Meanwhile, in the face of changing employment, Eddie contemplated his career future. “I did what I always do, he said. “I prayed and clearly heard – market your sauce.”

Around the end of 2011, Eddie’s longtime acquaintance, Marty Shute, recommended that he contact Alecia Daves-Johnson project manager for the Prince Edward Cannery/Commerical Kitchen.

By 2012 the Virginia Food Works, a non-profit business with a mission to bring local food to the marketplace, was hired to oversee commercial operations of the Prince Edward Cannery and Commercial Kitchen. Simultaneously, on the barbeque front, five more flavors of barbeque sauce and three wild game sauces were created by Ward.
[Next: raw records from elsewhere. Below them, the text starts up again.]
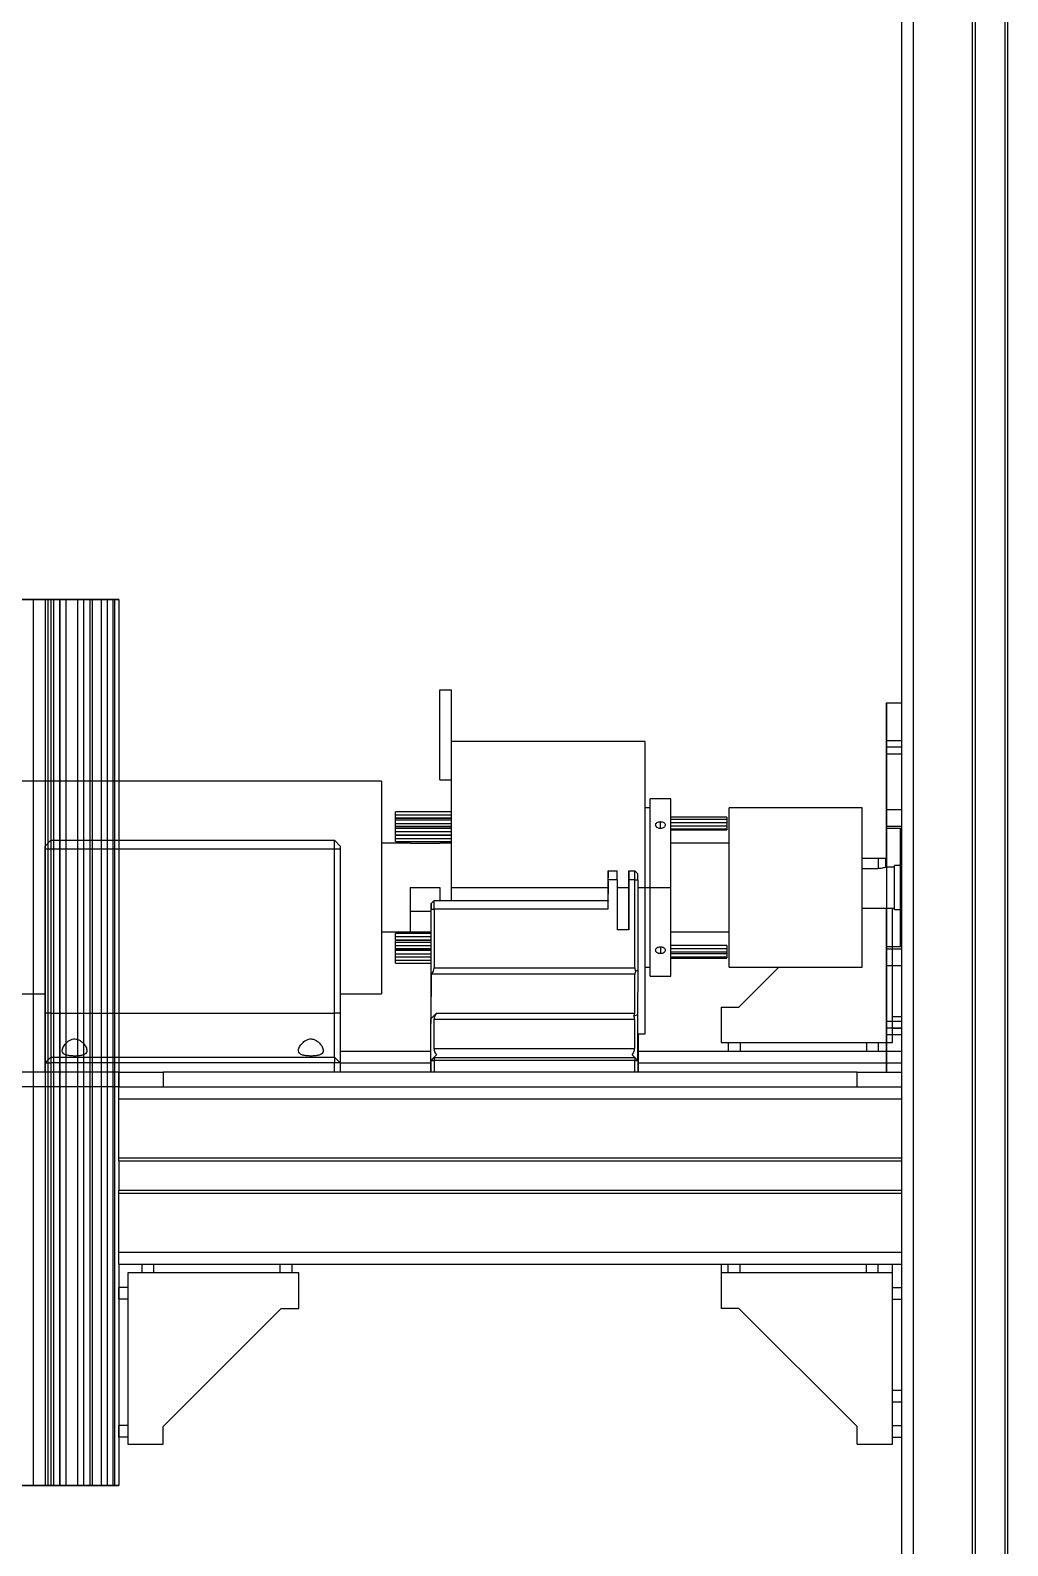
# Model space of a CAD drawing. Header units: millimetres. Extents: x 15 to 836, y 5 to 831.
# Drawn here: x 697.7 to 763.9, y 206.4 to 309.1 of the extents above; entities that cross this region are included whole.
import ezdxf

# ---------------------------------------------------------------- set-up
doc = ezdxf.new("R2010")
doc.units = ezdxf.units.MM

msp = doc.modelspace()

# ---------------------------------------------------------------- linework, layer by layer
at = {"color": 7, "linetype": 'Continuous', "lineweight": 25}
for p, q in [((756.67, 387.51), (756.67, 87.51)), ((757.47, 387.51), (757.47, 87.51)), ((761.47, 387.51), (761.47, 87.51)), ((761.67, 387.51), (761.67, 87.51)), ((763.67, 387.51), (763.67, 87.51)), ((763.87, 387.51), (763.87, 87.51)), ((699.27, 270.51), (696.08, 270.51)), ((696.27, 270.51), (699.07, 270.51)), ((696.67, 270.51), (698.67, 270.51)), ((697.87, 270.51), (699.24, 270.51)), ((697.87, 270.51), (697.87, 210.51)), ((699.66, 270.51), (697.87, 270.51)), ((697.87, 270.51), (699.66, 270.51)), ((698.67, 270.51), (698.87, 270.51)), ((698.67, 270.51), (698.67, 210.51)), ((699.67, 270.51), (698.67, 270.51)), ((698.67, 270.51), (698.67, 258.21)), ((698.87, 270.51), (702.87, 270.51)), ((698.87, 270.51), (698.87, 210.51)), ((698.87, 270.51), (698.87, 258.21)), ((699.07, 270.51), (699.67, 270.51)), ((699.07, 270.51), (699.07, 210.51)), ((699.24, 270.51), (700.07, 270.51)), ((699.24, 270.51), (699.24, 210.51)), ((699.27, 210.51), (699.27, 270.51)), ((699.66, 270.51), (699.66, 210.51)), ((700.87, 270.51), (699.66, 270.51)), ((699.67, 270.51), (699.67, 210.51)), ((700.07, 270.51), (703.27, 270.51)), ((700.07, 270.51), (700.07, 210.51)), ((701.71, 270.51), (700.87, 270.51)), ((700.87, 270.51), (700.87, 210.51)), ((701.87, 270.51), (701.27, 270.51)), ((701.27, 270.51), (701.27, 210.51)), ((703.27, 270.51), (701.71, 270.51)), ((701.71, 270.51), (701.71, 210.51)), ((701.87, 270.51), (701.87, 210.51)), ((702.47, 270.51), (701.87, 270.51)), ((702.47, 270.51), (702.47, 210.51)), ((703.37, 270.51), (702.47, 270.51)), ((702.87, 270.51), (703.67, 270.51)), ((702.87, 270.51), (702.87, 210.51)), ((703.67, 270.51), (702.87, 270.51)), ((702.87, 270.51), (703.67, 270.51)), ((702.87, 270.51), (702.87, 258.21)), ((703.27, 270.51), (703.27, 210.51)), ((703.37, 270.51), (703.37, 210.51)), ((703.67, 270.51), (703.37, 270.51)), ((703.67, 270.51), (703.67, 237.51)), ((703.67, 270.51), (703.67, 238.51)), ((703.67, 270.51), (703.67, 258.21)), ((725.41, 264.41), (726.21, 264.41)), ((725.41, 258.31), (725.41, 264.41)), ((726.21, 260.71), (726.21, 264.41)), ((755.67, 260.51), (755.67, 263.51)), ((755.67, 263.51), (756.67, 263.51)), ((755.67, 263.51), (755.67, 260.51)), ((739.33, 260.91), (726.21, 260.91)), ((726.21, 251.01), (726.21, 260.71)), ((739.33, 251.01), (739.33, 260.91)), ((756.67, 260.95), (755.67, 260.95)), ((756.67, 260.95), (755.67, 260.95)), ((755.67, 260.95), (755.67, 260.07)), ((755.67, 260.07), (755.67, 260.95)), ((756.67, 260.51), (755.67, 260.51)), ((755.67, 260.51), (755.67, 241.51)), ((755.67, 252.41), (755.67, 260.51)), ((755.67, 260.07), (756.67, 260.07)), ((755.67, 260.07), (756.67, 260.07)), ((721.47, 258.21), (696.27, 258.21)), ((721.47, 258.21), (721.47, 248.26)), ((725.41, 258.31), (726.21, 258.31)), ((741.05, 257.01), (739.65, 257.01)), ((739.65, 251.01), (739.65, 257.01)), ((741.05, 251.01), (741.05, 257.01)), ((726.21, 256.14), (722.41, 256.14)), ((722.41, 255.93), (722.41, 256.14)), ((722.41, 255.72), (722.41, 255.93)), ((722.41, 255.93), (726.21, 255.93)), ((722.41, 255.72), (726.21, 255.72)), ((726.21, 255.7), (722.41, 255.7)), ((722.41, 255.57), (722.41, 255.7)), ((726.21, 255.57), (722.41, 255.57)), ((722.41, 255.36), (722.41, 255.57)), ((739.65, 256.41), (739.33, 256.41)), ((744.85, 255.77), (741.05, 255.77)), ((744.85, 255.61), (741.05, 255.61)), ((744.85, 255.77), (744.85, 255.61)), ((744.85, 255.61), (744.85, 255.4)), ((754.01, 256.41), (745.01, 256.41)), ((745.01, 245.61), (745.01, 256.41)), ((754.01, 245.61), (754.01, 256.41)), ((756.67, 256.27), (755.67, 256.27)), ((756.67, 256.27), (755.67, 256.27)), ((755.67, 256.27), (755.67, 255.18)), ((755.67, 256.27), (755.67, 255.18)), ((722.41, 255.15), (722.41, 255.36)), ((722.41, 255.36), (726.21, 255.36)), ((722.41, 255.15), (726.21, 255.15)), ((726.21, 255.14), (722.41, 255.14)), ((722.41, 255.01), (722.41, 255.14)), ((726.21, 255.01), (722.41, 255.01)), ((722.41, 254.8), (722.41, 255.01)), ((722.41, 254.59), (722.41, 254.8)), ((722.41, 254.8), (726.21, 254.8)), ((722.41, 254.59), (726.21, 254.59)), ((726.21, 254.54), (722.41, 254.54)), ((722.41, 254.33), (722.41, 254.54)), ((740.35, 255.01), (740.35, 255.48)), ((744.85, 255.4), (741.05, 255.4)), ((741.05, 255.19), (744.85, 255.19)), ((741.05, 254.98), (744.85, 254.98)), ((741.05, 254.93), (744.85, 254.93)), ((744.85, 255.4), (744.85, 255.19)), ((744.85, 255.19), (744.85, 254.98)), ((744.85, 254.98), (744.85, 254.93)), ((755.67, 255.17), (756.67, 255.17)), ((755.67, 255.17), (756.67, 255.17)), ((756.67, 255.01), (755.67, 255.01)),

He started serving Mild, Medium, Lime, More Heat, Lime Heat, Heat and Sassy on smoked pork samples at farmer’s markets as market research.

After serving approximately 1,300 pounds of pulled pork with an 80-90% public approval rating, Ward decided to acquire inspection and approval from VDACS near the end of 2012.

Earlier that year, Ward had taken the FDA Better Process Control School Online from University of California and submitted his recipes to Dr. Karleigh Bacon at Virginia Tech Food Science Department for process authority approval. He began increasing recipes to commercial proportions and started by processing ten gallons of Lime sauce at the cannery for research. Then he completed the applications to the FDA and VDACS.

While preparing sauces in a small kitchen during the market study phase, Eddie began contemplating quantities and facilities needed for commercial production. He concluded that the Prince Edward Commercial Kitchen was the only logical solution to meet his processing and distribution goals. Ward received much encouragement from Allie Hill, executive director of Virginia Food Works, Alecia Daves-Johnson, and many artisans and producers in the local area. At the Cannery, he met with Daves-Johnson to learn more about available food business support services offered including label printers and applicators, multiple kettles ranging from 20 to 60 gallons, stainless steel fixtures, pH meters, soon-to-come filling equipment, and pressure cookers capable of processing hundreds of quarts at a time.

The Prince Edward Commercial Cannery and Kitchen started 2013 by contracting with Virginia Food Works to provide management of the commercial aspects of the cannery and commercial kitchen. In January, Ward’s Citrus Kicker passed inspection on a batch of More Heat sauce and he processed up to 20 gallons of sauce in one visit. He plans to expand to 30-gallon batches in the near future. Following inspection and authorization to sell and market his sauces, an eye-catching label was needed.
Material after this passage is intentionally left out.